Content starts

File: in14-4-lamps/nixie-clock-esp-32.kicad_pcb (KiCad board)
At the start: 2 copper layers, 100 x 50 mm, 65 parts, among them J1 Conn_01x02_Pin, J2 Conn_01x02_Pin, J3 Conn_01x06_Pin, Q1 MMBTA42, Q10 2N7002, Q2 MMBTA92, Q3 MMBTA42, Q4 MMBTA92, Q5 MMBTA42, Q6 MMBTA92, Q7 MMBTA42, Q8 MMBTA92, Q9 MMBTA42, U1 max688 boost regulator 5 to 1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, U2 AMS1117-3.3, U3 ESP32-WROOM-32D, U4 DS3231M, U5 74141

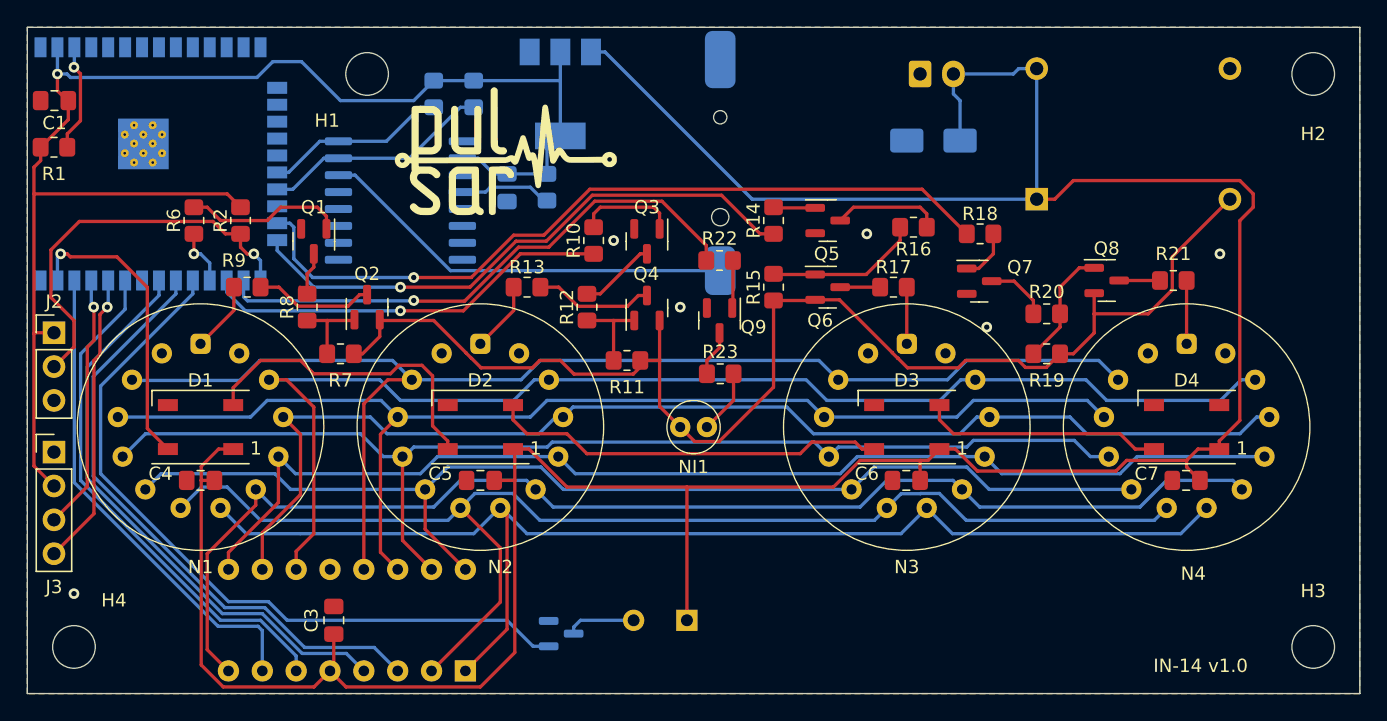
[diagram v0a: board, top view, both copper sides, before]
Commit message: add button and ws2812 connector
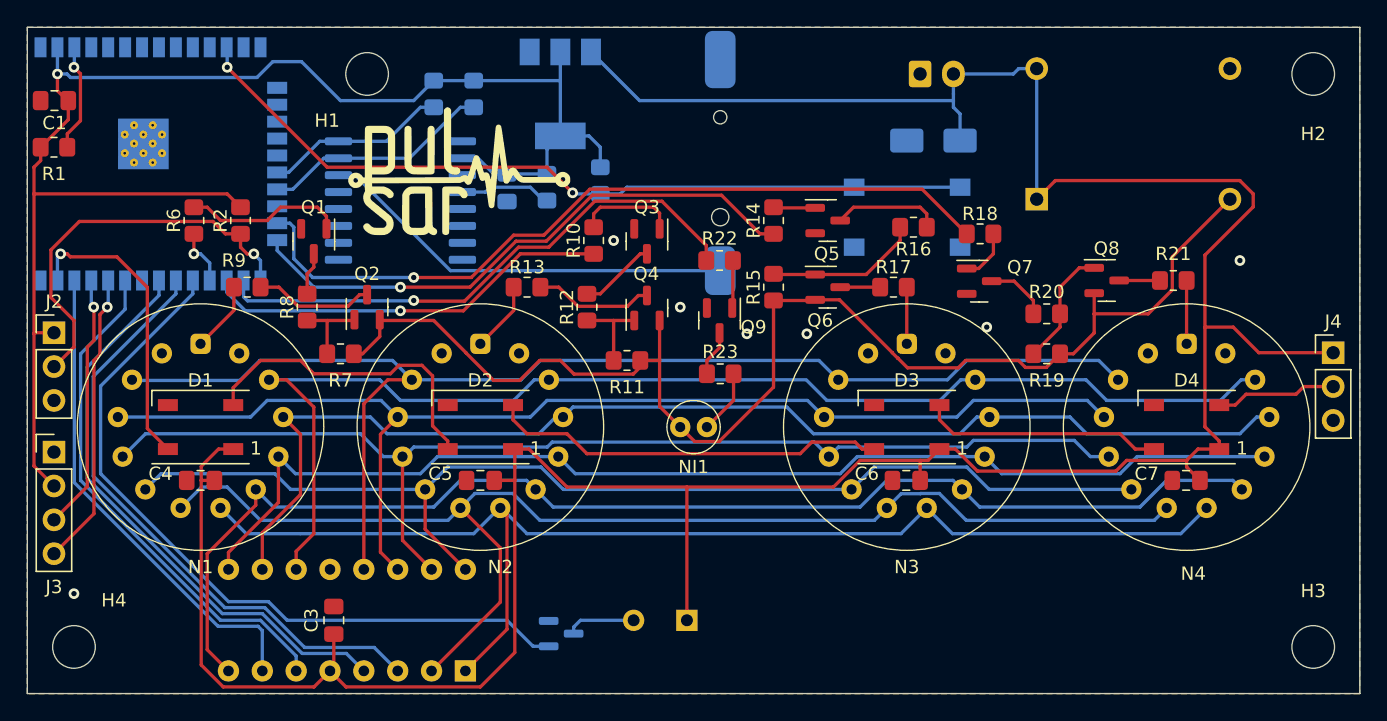
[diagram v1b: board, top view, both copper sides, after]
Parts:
- added J4: Conn_01x02_Pin, Connector_PinHeader_2.54mm:PinHeader_1x03_P2.54mm_Vertical, F.Cu at (148.0, 74.4)
- added R24: 10k, Resistor_SMD:R_0805_2012Metric_Pad1.20x1.40mm_HandSolder, B.Cu at (93.0, 61.5)
- added SW1: SW_Push, Button_Switch_SMD:SW_Push_1P1T_NO_6x6mm_H9.5mm, B.Cu at (116.0, 64.2)
- moved G*** 3.81 mm to (82.5, 61.0)
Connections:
- D4 pad 2: unconnected-(D4-DOUT-Pad2) -> Net-(D4-DOUT)
- U3 pad 12: unconnected-(U3-IO27-Pad12) -> /control/btn2
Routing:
- net /control/btn2: track 0.00 -> 60.7 mm, vias 0 -> 2
- net Net-(D4-DOUT): track 0.00 -> 9.13 mm
- net +3.3V: track 109.0 -> 113.9 mm
- net +5V: track 231.9 -> 234.0 mm
- net HV: track 98.1 -> 98.9 mm
- net GND: vias 6 -> 7
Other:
- board text added: "IP 192.168.4.1"
- board text added: "https://pulsarnixieclock.etsy.com"

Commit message: change in-14 footprint
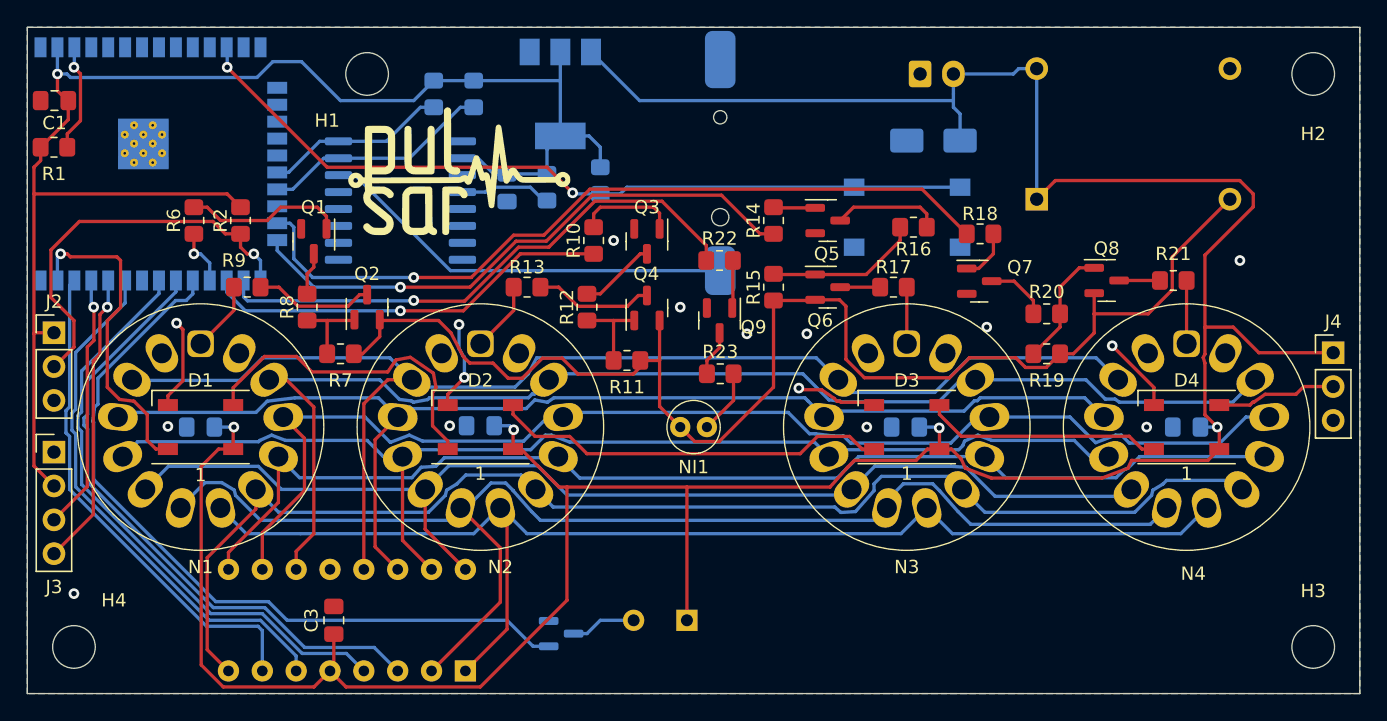
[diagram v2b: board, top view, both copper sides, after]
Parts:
- C4, C5, C6, C7: moved to B.Cu
- moved C5 4.10 mm to (84.0, 79.9)
- moved C6 4.00 mm to (115.9, 80.0)
- moved C7 4.00 mm to (137.0, 80.0)
- moved C4 4.00 mm to (63.0, 80.0)
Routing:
- net GND: track 0.00 -> 25.6 mm, vias 7 -> 16
- net +5V: track 234.0 -> 238.2 mm, vias 0 -> 4
- net HV: track 98.9 -> 102.4 mm
- net DIG5: track 95.0 -> 97.4 mm
- net DIG7: track 94.8 -> 96.8 mm
- net DIG9: track 90.9 -> 92.9 mm
- net DIG1: track 94.4 -> 96.4 mm
- net WS2812: track 22.4 -> 24.3 mm
- net /control/BUZZ: track 56.5 -> 57.9 mm
- net DIG3: track 87.2 -> 88.6 mm
- net DIG4: track 85.0 -> 86.3 mm
- net DEC0: track 46.1 -> 47.2 mm
- net DEC3: track 43.8 -> 44.9 mm
- net DIG2: track 89.6 -> 90.6 mm
- net DEC1: track 39.1 -> 40.2 mm
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
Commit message: add in-14 and in-16 6 lamp version
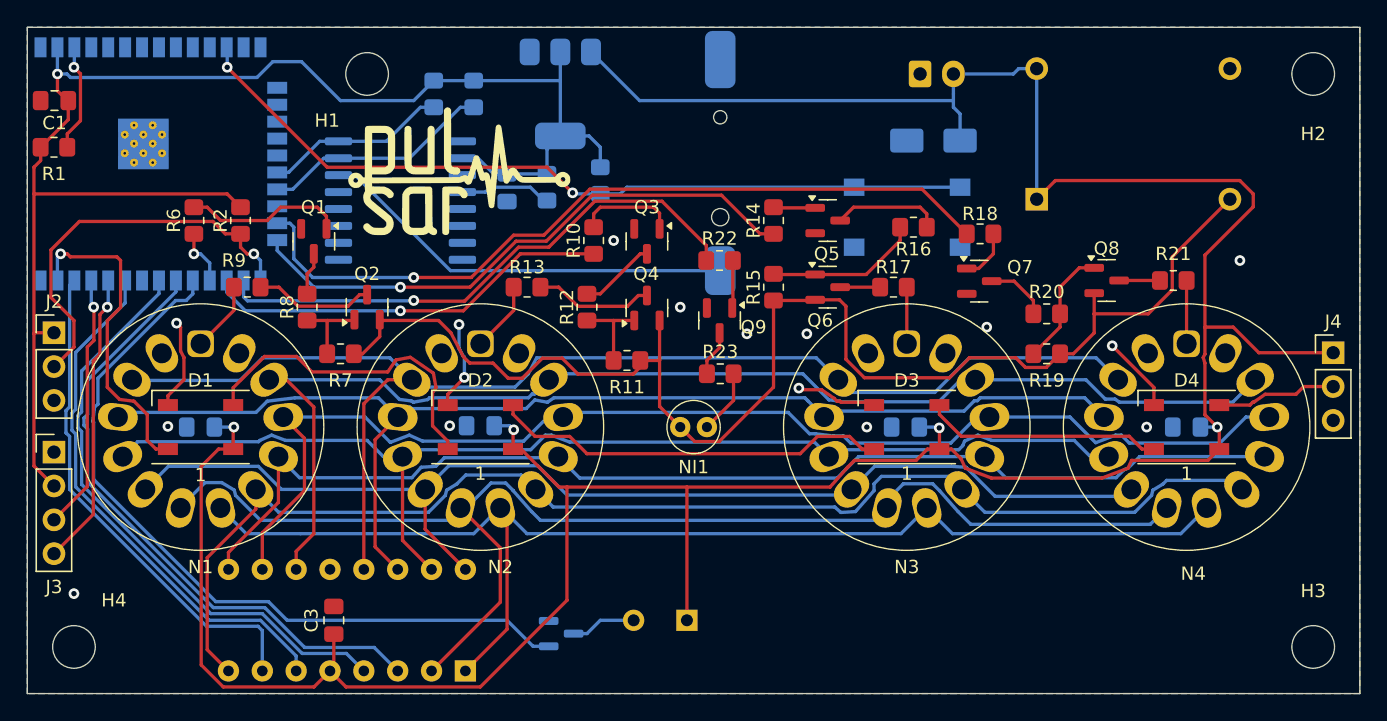
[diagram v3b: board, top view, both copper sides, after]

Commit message: fix i2c pins
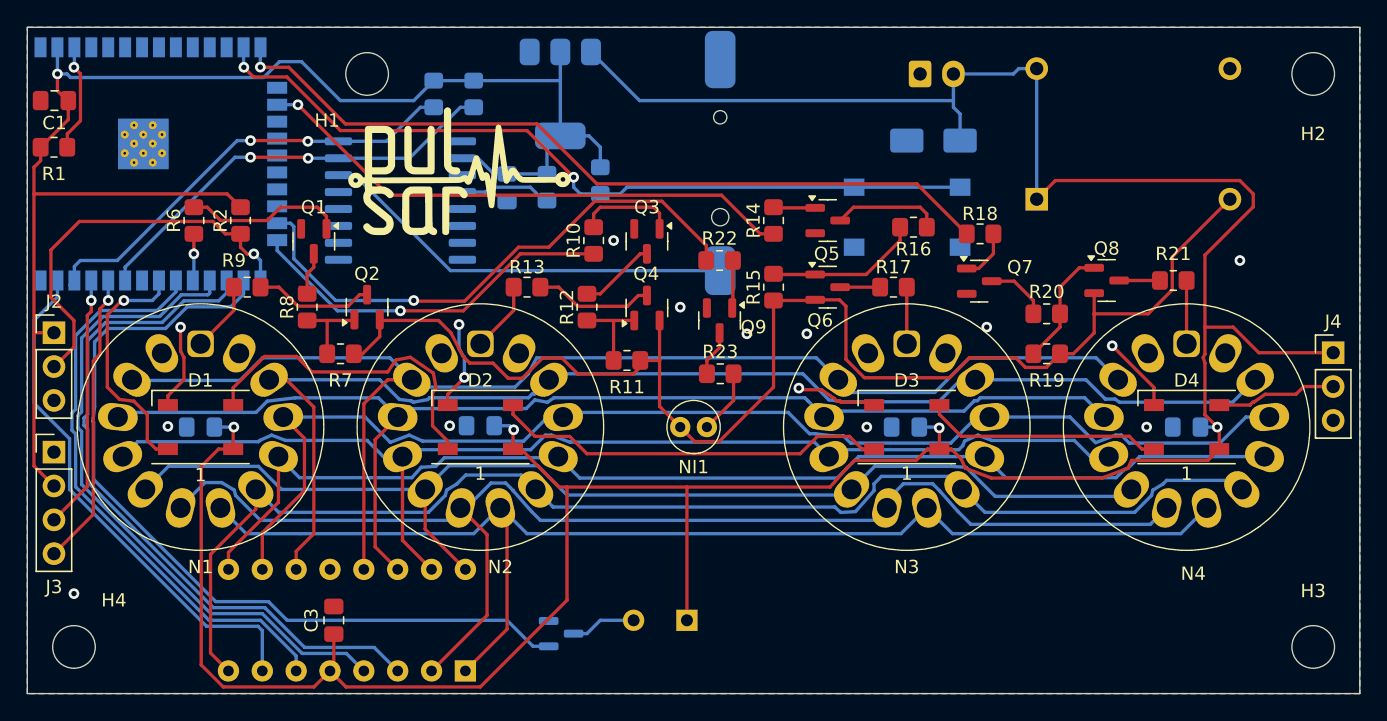
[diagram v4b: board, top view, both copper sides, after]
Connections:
- U3 pad 12: /control/btn2 -> unconnected-(U3-IO27-Pad12)
- U3 pad 13: unconnected-(U3-IO14-Pad13) -> /control/btn2
- U3 pad 14: unconnected-(U3-IO12-Pad14) -> A4
- U3 pad 16: unconnected-(U3-IO13-Pad16) -> A3
- U3 pad 20: /control/SCK -> unconnected-(U3-SCK/CLK-Pad20)
- U3 pad 21: /control/SDA -> unconnected-(U3-SDO/SD0-Pad21)
- U3 pad 23: A4 -> IN1
- U3 pad 24: A3 -> A2
- U3 pad 26: IN1 -> /control/BUZZ
- U3 pad 27: A2 -> DEC0
- U3 pad 28: A1 -> DEC3
- U3 pad 29: /control/BUZZ -> A1
- U3 pad 30: DEC0 -> DEC1
- U3 pad 31: DEC3 -> WS2812
- U3 pad 33: DEC1 -> /control/SDA
- U3 pad 36: DEC2 -> /control/SCK
- U3 pad 37: WS2812 -> DEC2
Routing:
- net /control/SCK: track 13.8 -> 33.5 mm, vias 0 -> 2
- net /control/SDA: track 17.3 -> 32.3 mm, vias 0 -> 2
- net WS2812: track 24.3 -> 18.5 mm
- net DEC0: track 47.2 -> 52.8 mm
- net /control/BUZZ: track 57.9 -> 63.4 mm
- net DEC3: track 44.9 -> 50.1 mm
- net DEC1: track 40.2 -> 44.3 mm
- net A2: track 30.8 -> 28.2 mm
- net A3: track 43.2 -> 41.3 mm
- net DEC2: track 37.9 -> 39.4 mm
- net DIG5: track 97.4 -> 96.5 mm
- net /control/btn2: track 60.7 -> 59.9 mm
- net A1: track 4.29 -> 3.53 mm
- net A4: track 59.0 -> 59.7 mm

Content ends

• What the task requires: Could you please report how many lines of the listing above hold the word "text"? Only the number is needed.

• Solution for this problem: 2